_INPUT DATA_
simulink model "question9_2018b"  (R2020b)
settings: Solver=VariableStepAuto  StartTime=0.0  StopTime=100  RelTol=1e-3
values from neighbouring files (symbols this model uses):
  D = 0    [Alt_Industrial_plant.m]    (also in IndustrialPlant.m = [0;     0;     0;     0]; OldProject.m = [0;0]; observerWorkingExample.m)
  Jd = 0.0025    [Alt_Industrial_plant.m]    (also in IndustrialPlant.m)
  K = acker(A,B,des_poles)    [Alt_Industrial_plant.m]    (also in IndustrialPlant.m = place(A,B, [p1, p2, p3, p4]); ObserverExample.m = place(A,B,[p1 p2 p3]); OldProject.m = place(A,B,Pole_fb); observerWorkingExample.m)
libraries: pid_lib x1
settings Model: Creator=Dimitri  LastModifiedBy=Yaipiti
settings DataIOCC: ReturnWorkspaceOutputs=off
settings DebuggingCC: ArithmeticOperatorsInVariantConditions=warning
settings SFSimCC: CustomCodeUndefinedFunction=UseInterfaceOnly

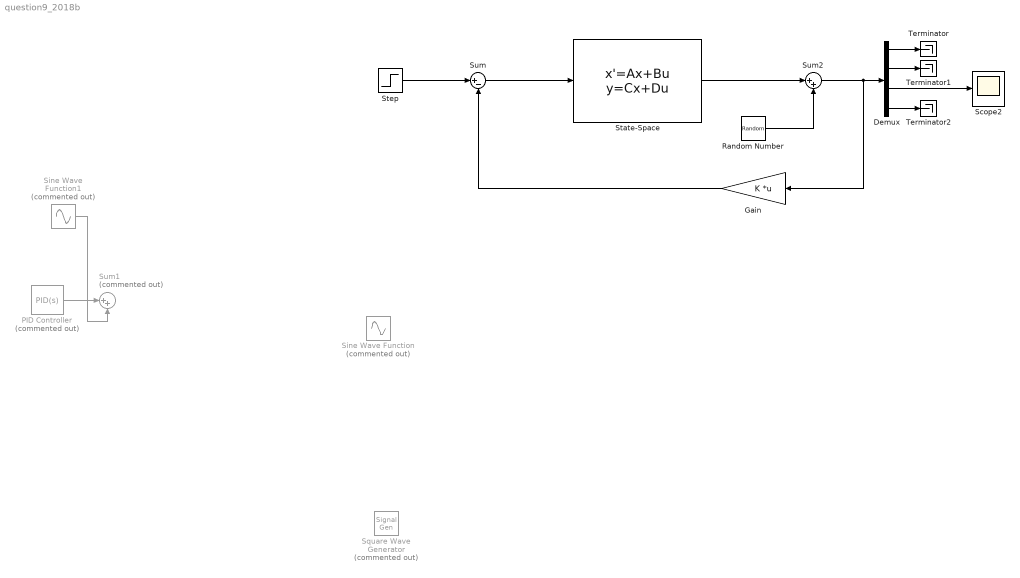
== system question9_2018b ==
  Demux : Demux
  Gain : Gain  Gain=K  Multiplication=Matrix(K*u) (u vector)
  PID Controller : pid_lib/PID Controller  Commented=on  Controller=PID  Form=Parallel  TimeDomain=Continuous-time  UseExternalTs=off  SampleTime=-1  IntegratorMethod=Forward Euler  FilterMethod=Forward Euler  ControllerParametersSource=internal  P=0.0109489475340948  I=0.0306597041287344  D=-0.00168563737676081  UseFilter=on  N=5.71917457059038  TunerSelectOption=Transfer Function Based (PID Tuner App)  InitialConditionSource=internal  InitialConditionForIntegrator=0  InitialConditionForFilter=0  DifferentiatorICPrevScaledInput=0  ExternalReset=none  TrackingMode=off  Kt=1  LimitOutput=off  SatLimitsSource=internal  UpperSaturationLimit=inf  LowerSaturationLimit=-inf  LinearizeAsGain=on  AntiWindupMode=none  Kb=1  POutMin=[]  POutMax=[]  IOutMin=[]  IOutMax=[]  DOutMin=[]  DOutMax=[]  NOutMin=[]  NOutMax=[]  SumOutMin=[]  SumOutMax=[]  SaturationOutMin=[]  SaturationOutMax=[]  PParamMin=[]  PParamMax=[]  IParamMin=[]  IParamMax=[]  DParamMin=[]  DParamMax=[]  NParamMin=[]  NParamMax=[]  KbParamMin=[]  KbParamMax=[]  KtParamMin=[]  KtParamMax=[]  KbOutMin=[]  KbOutMax=[]  KtOutMin=[]  KtOutMax=[]  IntegratorOutMin=[]  IntegratorOutMax=[]  FilterOutMin=[]  FilterOutMax=[]  SumI1OutMin=[]  SumI1OutMax=[]  SumI2OutMin=[]  SumI2OutMax=[]  SumI3OutMin=[]  SumI3OutMax=[]  SumI4OutMin=[]  SumI4OutMax=[]  SumDOutMin=[]  SumDOutMax=[]  DifferentiatorOutMin=[]  DifferentiatorOutMax=[]  FilterDiffOutCoefMin=[]  FilterDiffOutCoefMax=[]  ReciprocalOutMin=[]  ReciprocalOutMax=[]  SumDenOutMin=[]  SumDenOutMax=[]  SumNumOutMin=[]  SumNumOutMax=[]  DivideOutMin=[]  DivideOutMax=[]  UdiffTsProdOutMin=[]  UdiffTsProdOutMax=[]  NTsProdOutMin=[]  NTsProdOutMax=[]  UintegralTsProdOutMin=[]  UintegralTsProdOutMax=[]  UngainTsProdOutMin=[]  UngainTsProdOutMax=[]  IntegratorContinuousStateAttributes=''  IntegratorStateMustResolveToSignalObject=off  IntegratorRTWStateStorageClass=Auto  FilterContinuousStateAttributes=''  FilterStateMustResolveToSignalObject=off  FilterRTWStateStorageClass=Auto  ParallelPVariant=InternalParameters  IdealPVariant=Disabled  IVariant=InternalParameters  DVariant=InternalParameters  IntegratorVariant=Continuous  SatVariant=Disabled  AWVariant=Passthrough  PCopyVariant=Disabled  TRVariant=Disabled  FdbkBlocksVariant=Forward  IdealPFdbkVariant=Disabled  SatFdbkVariant=Disabled  DerivativeFilterVariant=ContFilter  NVariant=InternalParameters  NCopyVariant=Disabled  FilterICVariant=InternalICsFilter  IntegratorICVariant=InternalICs  ExternalResetVariant=Disabled  TRSumVariant=Passthrough  SumFdbkVariant=Disabled  SumVariant=Sum_PID  TsampFilterVariant=InternalTs  TsampNgainVariant=Passthrough  TsampIntegralVariant=Passthrough  ExternalSaturationOutDataTypeStr=Inherit: Same as second input
  Random Number : RandomNumber  Variance=0.00001  SampleTime=0.1
  Scope2 : Scope
  Sine Wave Function : Sin  Commented=on  Amplitude=2  Frequency=0.1  SampleTime=0
  Sine Wave Function1 : Sin  Commented=on  Amplitude=0.001  Frequency=0.00001  SampleTime=0
  Square Wave Generator : SignalGenerator  Commented=on  WaveForm=square  Amplitude=5  Units=rad/sec
  State-Space : StateSpace  A=|  B=[0; 1/Jd; 0; 0]  C=eye(4)  D=D  InitialCondition=0
      | [ 0 1 0 0;
      |     (-k*(gr)^(-2))/Jd  -c1/Jd  (k*(gr)^(-1))/Jd  0;
      |       0 0 0 1;
      |      (k*(gr)^(-1))/J1  0 -k/J1 -c2/J1]
  Step : Step  SampleTime=0
  Sum : Sum  Inputs=|+-
  Sum1 : Sum  Commented=on  Inputs=|++
  Sum2 : Sum  Inputs=|++
  Terminator : Terminator
  Terminator1 : Terminator
  Terminator2 : Terminator
  wires:
  PID Controller/1 -> Sum1/1
  Sine Wave Function1/1 -> Sum1/2
  Sum/1 -> State-Space/1
  Gain/1 -> Sum/2
  Random Number/1 -> Sum2/2
  State-Space/1 -> Sum2/1
  Sum2/1 -> Gain/1, Demux/1
  Demux/1 -> Terminator/1
  Demux/4 -> Terminator2/1
  Demux/2 -> Terminator1/1
  Demux/3 -> Scope2/1
  Step/1 -> Sum/1

_TASK DESCRIPTION_
Look for "Number" in each line of the material, then copy the lines where it is found.

_EXPECTED ANSWER_
  Random Number : RandomNumber  Variance=0.00001  SampleTime=0.1
  Random Number/1 -> Sum2/2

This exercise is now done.